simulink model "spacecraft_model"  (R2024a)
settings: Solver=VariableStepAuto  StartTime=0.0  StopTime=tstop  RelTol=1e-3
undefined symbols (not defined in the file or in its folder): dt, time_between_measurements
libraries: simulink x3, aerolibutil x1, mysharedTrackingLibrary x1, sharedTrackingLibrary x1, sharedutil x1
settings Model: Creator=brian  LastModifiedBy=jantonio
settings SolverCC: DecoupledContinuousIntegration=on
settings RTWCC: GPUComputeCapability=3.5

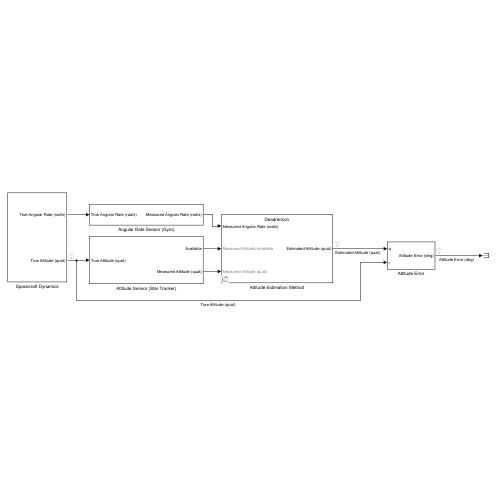
[thumbnail: Simulink's stored preview of the top-level diagram]
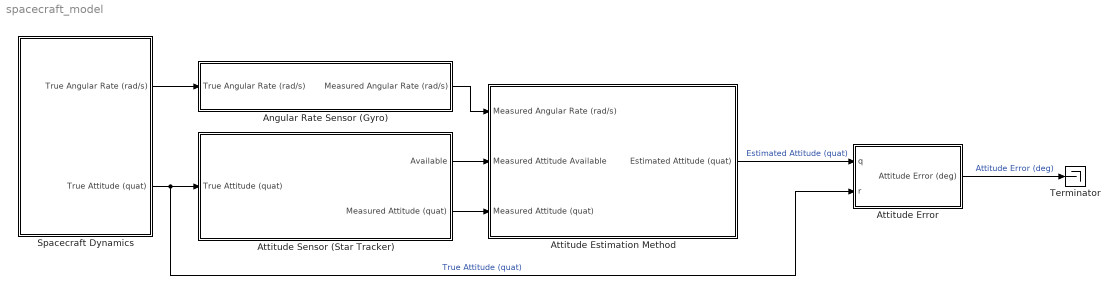
== system spacecraft_model ==
  Angular Rate Sensor (Gyro) : Subsystem
  Attitude Error : Subsystem
  Attitude Estimation Method : Subsystem  Variant=on
  Attitude Sensor (Star Tracker) : Subsystem
  Spacecraft Dynamics : Subsystem
  Terminator : Terminator
  wires:
  Spacecraft Dynamics/1(True Angular Rate (rad/s)) -> Angular Rate Sensor (Gyro)/1(True Angular Rate (rad/s))
  Spacecraft Dynamics/2(True Attitude (quat)) -> Attitude Error/2(r), Attitude Sensor (Star Tracker)/1(True Attitude (quat))  "True Attitude (quat)"
  Angular Rate Sensor (Gyro)/1(Measured Angular Rate (rad/s)) -> Attitude Estimation Method/1(Measured Angular Rate (rad/s))
  Attitude Estimation Method/1(Estimated Attitude (quat)) -> Attitude Error/1(q)  "Estimated Attitude (quat)"
  Attitude Sensor (Star Tracker)/1(Available) -> Attitude Estimation Method/2(Measured Attitude Available)
  Attitude Sensor (Star Tracker)/2(Measured Attitude (quat)) -> Attitude Estimation Method/3(Measured Attitude (quat))
  Attitude Error/1(Attitude Error (deg)) -> Terminator/1  "Attitude Error (deg)"

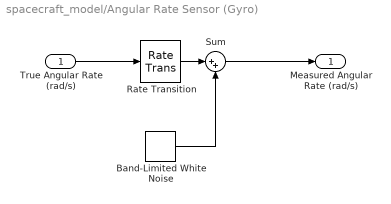
== system spacecraft_model/Angular Rate Sensor (Gyro) ==
  True Angular Rate (rad/s) : Inport
  Band-Limited White Noise : simulink/Sources/Band-Limited White Noise  Cov=gyro_noise  Ts=dt  seed=[1 2 3]
  Rate Transition : RateTransition  OutPortSampleTime=dt
  Sum : Sum  Inputs=|++
  Measured Angular Rate (rad/s) : Outport
  wires:
  Sum/1 -> Measured Angular Rate (rad/s)/1
  True Angular Rate (rad/s)/1 -> Rate Transition/1
  Rate Transition/1 -> Sum/1
  Band-Limited White Noise/1 -> Sum/2

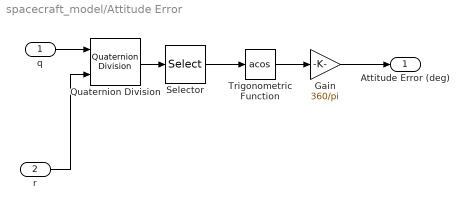
== system spacecraft_model/Attitude Error ==
  q : Inport
  r : Inport  Port=2
  Gain : Gain  Gain=360/pi
  Quaternion Division : aerolibutil/Quaternion Division
  Selector : Selector  InputPortWidth=4  IndexOptions=Index vector (dialog)  Indices=1  OutputSizes=1
  Trigonometric Function : Trigonometry  Operator=acos
  Attitude Error (deg) : Outport
  wires:
  Gain/1 -> Attitude Error (deg)/1
  Selector/1 -> Trigonometric Function/1
  Quaternion Division/1 -> Selector/1
  q/1 -> Quaternion Division/1
  r/1 -> Quaternion Division/2
  Trigonometric Function/1 -> Gain/1

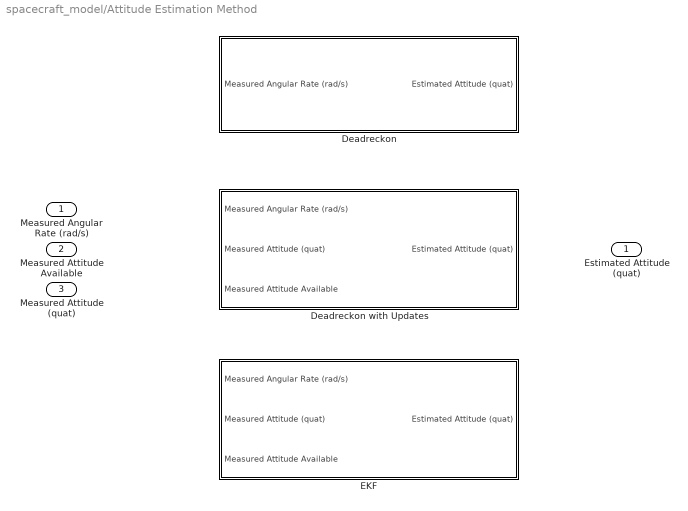
== system spacecraft_model/Attitude Estimation Method ==
  Measured Angular Rate (rad/s) : Inport
  Measured Attitude Available : Inport  Port=2
  Measured Attitude (quat) : Inport  Port=3
  Deadreckon : Subsystem  VariantControl=ad_method == 1
  Deadreckon with Updates : Subsystem  VariantControl=ad_method == 2
  EKF : Subsystem  VariantControl=ad_method == 3
  Estimated Attitude (quat) : Outport

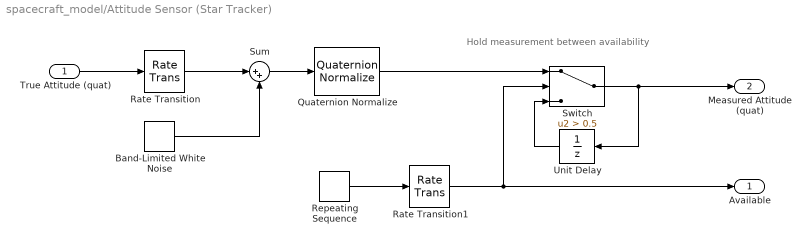
== system spacecraft_model/Attitude Sensor (Star Tracker) ==
  note: Hold measurement between availability
  True Attitude (quat) : Inport
  Band-Limited White Noise : simulink/Sources/Band-Limited White Noise  Cov=star_tracker_noise  Ts=dt  seed=[4 5 6 7]
  Quaternion Normalize : sharedutil/Quaternion Normalize  aMode=aMode
  Rate Transition : RateTransition  OutPortSampleTime=dt
  Rate Transition1 : RateTransition  OutPortSampleTime=dt
  Repeating Sequence : simulink/Sources/Repeating Sequence  rep_seq_t=[0, dt, time_between_measurements]  rep_seq_y=[1 0 0]
  Sum : Sum  Inputs=|++
  Switch : Switch  Criteria=u2 > Threshold  Threshold=0.5  SaturateOnIntegerOverflow=off  InputSameDT=off
  Unit Delay : UnitDelay  InitialCondition=[1 0 0 0]  SampleTime=-1  HasFrameUpgradeWarning=on
  Available : Outport
  Measured Attitude (quat) : Outport  Port=2
  wires:
  Band-Limited White Noise/1 -> Sum/2
  True Attitude (quat)/1 -> Rate Transition/1
  Rate Transition/1 -> Sum/1
  Switch/1 -> Unit Delay/1, Measured Attitude (quat)/1
  Sum/1 -> Quaternion Normalize/1
  Repeating Sequence/1 -> Rate Transition1/1
  Rate Transition1/1 -> Switch/2, Available/1
  Quaternion Normalize/1 -> Switch/1
  Unit Delay/1 -> Switch/3

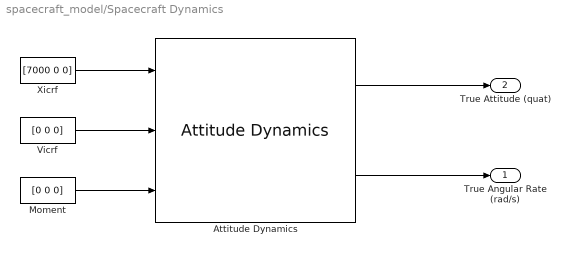
== system spacecraft_model/Spacecraft Dynamics ==
  Attitude Dynamics : AttitudeDynamics  stateFrame=Fixed-frame  dateOut=off  inertia=inertia_tensor_kg_m2  attitudeFrame=LVLH  attitude=initial_attitude_quat  attitudeRate=initial_rate_radps  units=Metric (km/s)  angleUnits=Radians
  Moment : Constant  Value=[0 0 0]
  Vicrf : Constant  Value=[0 0 0]
  Xicrf : Constant  Value=[7000 0 0]
  True Angular Rate (rad/s) : Outport
  True Attitude (quat) : Outport  Port=2
  wires:
  Attitude Dynamics/2 -> True Angular Rate (rad/s)/1
  Moment/1 -> Attitude Dynamics/3
  Attitude Dynamics/1 -> True Attitude (quat)/1
  Vicrf/1 -> Attitude Dynamics/2
  Xicrf/1 -> Attitude Dynamics/1

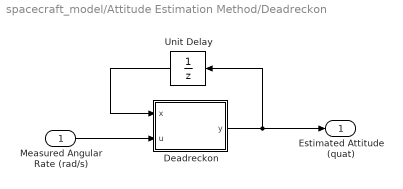
== system spacecraft_model/Attitude Estimation Method/Deadreckon ==
  Measured Angular Rate (rad/s) : Inport
  Deadreckon : MATLAB Function  TreatAsAtomicUnit=on
  Unit Delay : UnitDelay  InitialCondition=[1 0 0 0]'  SampleTime=-1  HasFrameUpgradeWarning=on
  Estimated Attitude (quat) : Outport
  wires:
  Deadreckon/1(y) -> Estimated Attitude (quat)/1, Unit Delay/1
  Measured Angular Rate (rad/s)/1 -> Deadreckon/2(u)
  Unit Delay/1 -> Deadreckon/1(x)

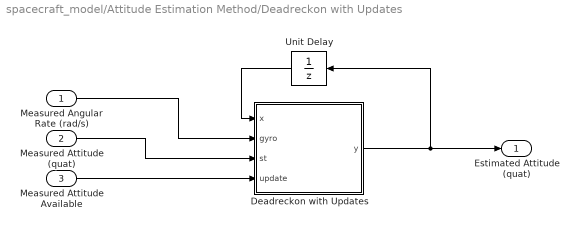
== system spacecraft_model/Attitude Estimation Method/Deadreckon with Updates ==
  Measured Angular Rate (rad/s) : Inport
  Measured Attitude (quat) : Inport  Port=2
  Measured Attitude Available : Inport  Port=3
  Deadreckon with Updates : MATLAB Function  TreatAsAtomicUnit=on
  Unit Delay : UnitDelay  InitialCondition=[1 0 0 0]'  SampleTime=-1  HasFrameUpgradeWarning=on
  Estimated Attitude (quat) : Outport
  wires:
  Measured Attitude (quat)/1 -> Deadreckon with Updates/3(st)
  Measured Angular Rate (rad/s)/1 -> Deadreckon with Updates/2(gyro)
  Unit Delay/1 -> Deadreckon with Updates/1(x)
  Deadreckon with Updates/1(y) -> Unit Delay/1, Estimated Attitude (quat)/1
  Measured Attitude Available/1 -> Deadreckon with Updates/4(update)

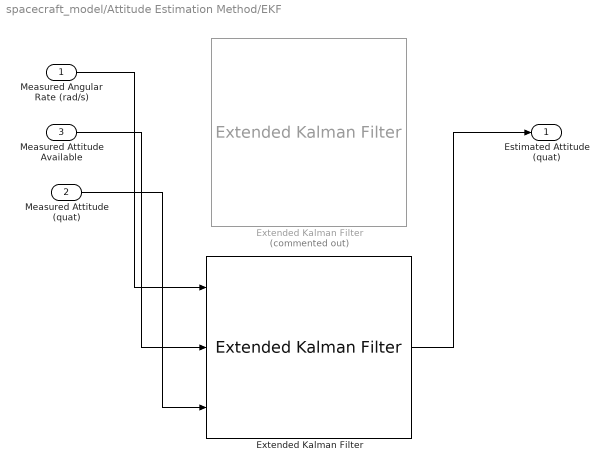
== system spacecraft_model/Attitude Estimation Method/EKF ==
  Measured Angular Rate (rad/s) : Inport
  Measured Attitude (quat) : Inport  Port=2
  Measured Attitude Available : Inport  Port=3
  Extended Kalman Filter : mysharedTrackingLibrary/Extended Kalman Filter  StateTransitionFcn=stateTransitionFnc  HasStateTransitionJacobianFcn=off  HasAdditiveProcessNoise=Additive  ProcessNoise=process_covariance  HasTimeVaryingProcessNoise=off  HasStateTransitionFcnExtraArgument=1  InitialState=initial_state  InitialStateCovariance=initial_covariance  MeasurementFcn1=measurementFnc  HasMeasurementJacobianFcn1=off  HasMeasurementEnablePort1=on  HasAdditiveMeasurementNoise1=Additive  MeasurementNoise1=measurement_covariance  HasTimeVaryingMeasurementNoise1=off  HasMeasurementFcnExtraArgument1=0  HasMeasurementWrapping1=off  HasMeasurementJacobianFcn2=off  HasMeasurementEnablePort2=off  HasAdditiveMeasurementNoise2=Additive  MeasurementNoise2=1  HasTimeVaryingMeasurementNoise2=off  HasMeasurementFcnExtraArgument2=0  HasMeasurementWrapping2=off  HasMeasurementJacobianFcn3=off  HasMeasurementEnablePort3=off  HasAdditiveMeasurementNoise3=Additive  MeasurementNoise3=1  HasTimeVaryingMeasurementNoise3=off  HasMeasurementFcnExtraArgument3=0  HasMeasurementWrapping3=off  HasMeasurementJacobianFcn4=off  HasMeasurementEnablePort4=off  HasAdditiveMeasurementNoise4=Additive  MeasurementNoise4=1  HasTimeVaryingMeasurementNoise4=off  HasMeasurementFcnExtraArgument4=0  HasMeasurementWrapping4=off  HasMeasurementJacobianFcn5=off  HasMeasurementEnablePort5=off  HasAdditiveMeasurementNoise5=Additive  MeasurementNoise5=1  HasTimeVaryingMeasurementNoise5=off  HasMeasurementFcnExtraArgument5=0  HasMeasurementWrapping5=off  EnableMultirate=off  StateTransitionFcnSampleTime=1  MeasurementFcn1SampleTime=1  MeasurementFcn2SampleTime=1  MeasurementFcn3SampleTime=1  MeasurementFcn4SampleTime=1  MeasurementFcn5SampleTime=1  UseCurrentEstimator=off  OutputStateCovariance=off  DataType=double  SampleTime=dt  NumberOfMeasurements=1
  "Extended Kalman Filter " : sharedTrackingLibrary/Extended Kalman Filter  Commented=on  StateTransitionFcn=stateTransitionFnc  HasStateTransitionJacobianFcn=off  HasAdditiveProcessNoise=Additive  ProcessNoise=process_covariance  HasTimeVaryingProcessNoise=off  HasStateTransitionFcnExtraArgument=1  InitialState=initial_state  InitialStateCovariance=initial_covariance  MeasurementFcn1=measurementFnc  HasMeasurementJacobianFcn1=off  HasMeasurementEnablePort1=on  HasAdditiveMeasurementNoise1=Additive  MeasurementNoise1=measurement_covariance  HasTimeVaryingMeasurementNoise1=off  HasMeasurementFcnExtraArgument1=0  HasMeasurementWrapping1=off  MeasurementFcn2=myMeasurementFcn  HasMeasurementJacobianFcn2=off  HasMeasurementEnablePort2=off  HasAdditiveMeasurementNoise2=Additive  MeasurementNoise2=1  HasTimeVaryingMeasurementNoise2=off  HasMeasurementFcnExtraArgument2=0  HasMeasurementWrapping2=off  MeasurementFcn3=myMeasurementFcn  HasMeasurementJacobianFcn3=off  HasMeasurementEnablePort3=off  HasAdditiveMeasurementNoise3=Additive  MeasurementNoise3=1  HasTimeVaryingMeasurementNoise3=off  HasMeasurementFcnExtraArgument3=0  HasMeasurementWrapping3=off  MeasurementFcn4=myMeasurementFcn  HasMeasurementJacobianFcn4=off  HasMeasurementEnablePort4=off  HasAdditiveMeasurementNoise4=Additive  MeasurementNoise4=1  HasTimeVaryingMeasurementNoise4=off  HasMeasurementFcnExtraArgument4=0  HasMeasurementWrapping4=off  MeasurementFcn5=myMeasurementFcn  HasMeasurementJacobianFcn5=off  HasMeasurementEnablePort5=off  HasAdditiveMeasurementNoise5=Additive  MeasurementNoise5=1  HasTimeVaryingMeasurementNoise5=off  HasMeasurementFcnExtraArgument5=0  HasMeasurementWrapping5=off  EnableMultirate=off  StateTransitionFcnSampleTime=0.01  MeasurementFcn1SampleTime=1  MeasurementFcn2SampleTime=1  MeasurementFcn3SampleTime=1  MeasurementFcn4SampleTime=1  MeasurementFcn5SampleTime=1  UseCurrentEstimator=off  OutputStateCovariance=off  DataType=double  SampleTime=dt  NumberOfMeasurements=1
  Estimated Attitude (quat) : Outport
  wires:
  Measured Angular Rate (rad/s)/1 -> Extended Kalman Filter/1
  Extended Kalman Filter/1 -> Estimated Attitude (quat)/1
  Measured Attitude (quat)/1 -> Extended Kalman Filter/3
  Measured Attitude Available/1 -> Extended Kalman Filter/2

== matlab function spacecraft_model/Attitude Estimation Method/Deadreckon with Updates/Deadreckon with Updates ==
  data: x input; gyro input; y output size=4; st input; update input
function y = fcn(x, gyro, st, update)

rotMat = 0.01/2*[-x(2), -x(3), -x(4);
                  x(1), -x(4),  x(3);
                  x(4),  x(1), -x(2);
                 -x(3),  x(2),  x(1)];

x = x + rotMat*[gyro(1), gyro(2), gyro(3)]';

y = x./norm(x);

if update
    y = st;
end

== matlab function spacecraft_model/Attitude Estimation Method/Deadreckon/Deadreckon ==
  data: x input; u input; y output size=4
function y = fcn(x, u)

rotMat = 0.01/2*[-x(2), -x(3), -x(4);
                  x(1), -x(4),  x(3);
                  x(4),  x(1), -x(2);
                 -x(3),  x(2),  x(1)];

x = x + rotMat*[u(1), u(2), u(3)]';

y = x./norm(x);

* _Prompt_: Leaving out every picture, repeat exactly the lines of the records from the start through the line that has "system spacecraft_model/Angular Rate".

* _Answer box_:
simulink model "spacecraft_model"  (R2024a)
settings: Solver=VariableStepAuto  StartTime=0.0  StopTime=tstop  RelTol=1e-3
undefined symbols (not defined in the file or in its folder): dt, time_between_measurements
libraries: simulink x3, aerolibutil x1, mysharedTrackingLibrary x1, sharedTrackingLibrary x1, sharedutil x1
settings Model: Creator=brian  LastModifiedBy=jantonio
settings SolverCC: DecoupledContinuousIntegration=on
settings RTWCC: GPUComputeCapability=3.5

[thumbnail: Simulink's stored preview of the top-level diagram]
== system spacecraft_model ==
  Angular Rate Sensor (Gyro) : Subsystem
  Attitude Error : Subsystem
  Attitude Estimation Method : Subsystem  Variant=on
  Attitude Sensor (Star Tracker) : Subsystem
  Spacecraft Dynamics : Subsystem
  Terminator : Terminator
  wires:
  Spacecraft Dynamics/1(True Angular Rate (rad/s)) -> Angular Rate Sensor (Gyro)/1(True Angular Rate (rad/s))
  Spacecraft Dynamics/2(True Attitude (quat)) -> Attitude Error/2(r), Attitude Sensor (Star Tracker)/1(True Attitude (quat))  "True Attitude (quat)"
  Angular Rate Sensor (Gyro)/1(Measured Angular Rate (rad/s)) -> Attitude Estimation Method/1(Measured Angular Rate (rad/s))
  Attitude Estimation Method/1(Estimated Attitude (quat)) -> Attitude Error/1(q)  "Estimated Attitude (quat)"
  Attitude Sensor (Star Tracker)/1(Available) -> Attitude Estimation Method/2(Measured Attitude Available)
  Attitude Sensor (Star Tracker)/2(Measured Attitude (quat)) -> Attitude Estimation Method/3(Measured Attitude (quat))
  Attitude Error/1(Attitude Error (deg)) -> Terminator/1  "Attitude Error (deg)"

== system spacecraft_model/Angular Rate Sensor (Gyro) ==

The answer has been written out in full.